Would you suggest that a man who caught his wife cheating that he could start having 3somes with his wife and her lover? I've never seen you suggest this. So why would you suggest this to a woman whose husband is cheating?


----------



## EleGirl (Dec 3, 2011)

ThatDarnGuy! said:


> I have a question for you..... I don't doubt your claims of physical abuse. But was it a situation where there were no police reports or arrests and the judge said that I can't just take your word without official police records?


Yes, I had stupidly never called the police. This particular judge, a woman, was notorious for siding with men if when the man is a known abuser. After I went through this with her, i paid attention to her cases. There was a woman who left a man with a long record for domestic violence. Because she left with the children he had beat up her up again. This judge gave him full custody. That's the judge I was dealing with.

It was my attorney who told me to move out. She said that was the standard... move out and then handle it with custody evaluator, etc. My attorney was shocked by the judge's decision.

The day after I moved out, my husband had his attorney call an emergency hearing. That's when the judge gave my husband custody. She said that he's a doctor and they can't have accusations like that against a doctor and she had the divorce papers sealed to protect him.
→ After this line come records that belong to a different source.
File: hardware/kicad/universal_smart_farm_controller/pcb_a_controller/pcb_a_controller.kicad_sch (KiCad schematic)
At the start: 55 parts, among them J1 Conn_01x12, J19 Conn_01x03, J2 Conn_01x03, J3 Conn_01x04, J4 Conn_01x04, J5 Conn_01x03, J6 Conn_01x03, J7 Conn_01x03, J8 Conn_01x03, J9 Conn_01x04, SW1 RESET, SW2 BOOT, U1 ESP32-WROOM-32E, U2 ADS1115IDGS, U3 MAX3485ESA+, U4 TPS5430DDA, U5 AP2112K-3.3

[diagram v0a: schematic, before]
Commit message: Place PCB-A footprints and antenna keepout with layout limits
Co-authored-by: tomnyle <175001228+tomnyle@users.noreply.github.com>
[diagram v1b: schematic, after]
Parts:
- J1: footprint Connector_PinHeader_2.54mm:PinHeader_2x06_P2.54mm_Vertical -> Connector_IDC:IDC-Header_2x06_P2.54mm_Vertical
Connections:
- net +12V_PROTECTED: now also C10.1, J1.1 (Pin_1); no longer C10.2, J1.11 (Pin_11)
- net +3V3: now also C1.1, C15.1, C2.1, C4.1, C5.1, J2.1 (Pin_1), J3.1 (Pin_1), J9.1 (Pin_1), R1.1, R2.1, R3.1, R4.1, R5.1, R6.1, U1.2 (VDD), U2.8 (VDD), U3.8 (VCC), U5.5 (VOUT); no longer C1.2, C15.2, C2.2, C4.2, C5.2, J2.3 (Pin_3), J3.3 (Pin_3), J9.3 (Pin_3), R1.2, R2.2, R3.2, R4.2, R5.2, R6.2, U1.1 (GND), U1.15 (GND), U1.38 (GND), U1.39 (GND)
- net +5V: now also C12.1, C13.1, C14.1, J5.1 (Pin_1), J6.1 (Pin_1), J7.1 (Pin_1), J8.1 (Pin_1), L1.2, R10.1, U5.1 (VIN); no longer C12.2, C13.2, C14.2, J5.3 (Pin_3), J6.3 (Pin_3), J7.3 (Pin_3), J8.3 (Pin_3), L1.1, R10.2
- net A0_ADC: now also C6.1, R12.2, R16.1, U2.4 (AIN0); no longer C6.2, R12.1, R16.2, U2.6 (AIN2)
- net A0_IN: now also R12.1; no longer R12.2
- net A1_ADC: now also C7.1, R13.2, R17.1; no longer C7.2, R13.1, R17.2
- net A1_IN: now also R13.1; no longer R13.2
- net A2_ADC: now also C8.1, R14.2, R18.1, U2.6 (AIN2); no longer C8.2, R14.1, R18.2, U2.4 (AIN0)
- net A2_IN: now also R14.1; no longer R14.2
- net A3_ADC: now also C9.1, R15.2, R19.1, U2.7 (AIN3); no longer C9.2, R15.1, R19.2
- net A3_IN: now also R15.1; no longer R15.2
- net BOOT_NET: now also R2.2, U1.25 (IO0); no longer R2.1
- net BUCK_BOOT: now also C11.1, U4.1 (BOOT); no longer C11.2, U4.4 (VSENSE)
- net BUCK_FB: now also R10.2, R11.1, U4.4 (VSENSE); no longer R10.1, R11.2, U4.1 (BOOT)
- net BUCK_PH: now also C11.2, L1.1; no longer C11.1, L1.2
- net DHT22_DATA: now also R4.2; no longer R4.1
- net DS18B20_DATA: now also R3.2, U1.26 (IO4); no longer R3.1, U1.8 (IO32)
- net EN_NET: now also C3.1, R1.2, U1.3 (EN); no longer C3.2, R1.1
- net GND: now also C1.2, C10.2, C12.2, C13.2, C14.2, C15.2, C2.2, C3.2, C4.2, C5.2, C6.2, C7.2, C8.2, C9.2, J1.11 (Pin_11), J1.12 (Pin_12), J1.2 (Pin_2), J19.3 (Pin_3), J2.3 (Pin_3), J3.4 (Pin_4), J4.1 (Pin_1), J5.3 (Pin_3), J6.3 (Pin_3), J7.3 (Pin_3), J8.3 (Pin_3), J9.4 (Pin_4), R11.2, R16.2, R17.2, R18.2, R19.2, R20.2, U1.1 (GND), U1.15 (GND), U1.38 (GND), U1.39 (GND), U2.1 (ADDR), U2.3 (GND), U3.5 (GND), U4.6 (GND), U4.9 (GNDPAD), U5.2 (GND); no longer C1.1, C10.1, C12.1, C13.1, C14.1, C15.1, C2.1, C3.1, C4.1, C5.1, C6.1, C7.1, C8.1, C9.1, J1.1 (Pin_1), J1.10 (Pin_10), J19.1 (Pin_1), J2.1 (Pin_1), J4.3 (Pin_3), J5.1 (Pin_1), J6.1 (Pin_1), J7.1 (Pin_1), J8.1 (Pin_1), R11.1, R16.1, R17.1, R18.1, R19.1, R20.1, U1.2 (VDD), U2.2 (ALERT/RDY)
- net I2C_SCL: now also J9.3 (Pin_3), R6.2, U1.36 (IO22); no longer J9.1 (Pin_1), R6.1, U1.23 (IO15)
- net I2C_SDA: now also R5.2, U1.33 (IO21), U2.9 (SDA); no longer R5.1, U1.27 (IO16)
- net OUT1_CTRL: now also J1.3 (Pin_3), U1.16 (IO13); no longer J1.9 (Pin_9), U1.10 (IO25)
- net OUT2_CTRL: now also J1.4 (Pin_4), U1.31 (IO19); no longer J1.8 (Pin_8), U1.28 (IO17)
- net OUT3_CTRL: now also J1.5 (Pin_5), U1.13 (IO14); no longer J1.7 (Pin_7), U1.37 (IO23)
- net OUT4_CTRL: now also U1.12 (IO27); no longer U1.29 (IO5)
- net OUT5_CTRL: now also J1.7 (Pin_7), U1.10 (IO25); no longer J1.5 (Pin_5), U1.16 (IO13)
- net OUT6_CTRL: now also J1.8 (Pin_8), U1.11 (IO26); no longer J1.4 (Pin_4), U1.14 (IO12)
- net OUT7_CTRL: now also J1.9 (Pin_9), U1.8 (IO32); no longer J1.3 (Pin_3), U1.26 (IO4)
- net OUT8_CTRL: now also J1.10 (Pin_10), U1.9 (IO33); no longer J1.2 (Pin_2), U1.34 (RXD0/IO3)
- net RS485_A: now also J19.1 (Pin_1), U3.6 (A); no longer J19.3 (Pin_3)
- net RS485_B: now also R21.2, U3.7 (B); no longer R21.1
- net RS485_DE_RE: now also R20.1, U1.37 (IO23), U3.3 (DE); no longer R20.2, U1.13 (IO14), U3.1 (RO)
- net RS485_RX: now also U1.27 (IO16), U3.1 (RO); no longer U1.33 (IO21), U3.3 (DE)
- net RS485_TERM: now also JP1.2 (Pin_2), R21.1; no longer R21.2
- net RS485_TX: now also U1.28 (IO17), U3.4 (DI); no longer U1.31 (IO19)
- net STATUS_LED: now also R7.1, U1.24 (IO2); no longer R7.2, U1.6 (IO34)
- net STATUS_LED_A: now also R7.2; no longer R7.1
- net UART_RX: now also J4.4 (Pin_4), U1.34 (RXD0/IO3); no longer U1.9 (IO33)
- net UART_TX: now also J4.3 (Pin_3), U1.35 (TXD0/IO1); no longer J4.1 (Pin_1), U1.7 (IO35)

As a side note, around the time I was able to finally divorce him I found out that he cheated the entire marriage. He was a read "catch".

A couple of years after our divorce was final, he was violent with a girlfriend and he was charged with domestic violence. I was not surprised.



ThatDarnGuy! said:


> But I truly feel bad for anyone who has gone through physical abuse. I don't personally know you, but I hope everything turned out ok for you.


Yes, everything turned out just fine. I moved on. Had a good career. Have a wonderful son who now has his Ph.D. in Physics... now he just needs to find a job. 😂


----------



## getawayqueenie (10 mo ago)

manfromlamancha said:


> I really wonder why he got married to you though? He must have known he was gay.


He must have. Me thinking back on our sex life makes me think he knew.



Luckylucky said:


> . Have you told your parents/family? Please do, you need to protect yourself first for your baby, and not think of his feelings and needs AT ALL.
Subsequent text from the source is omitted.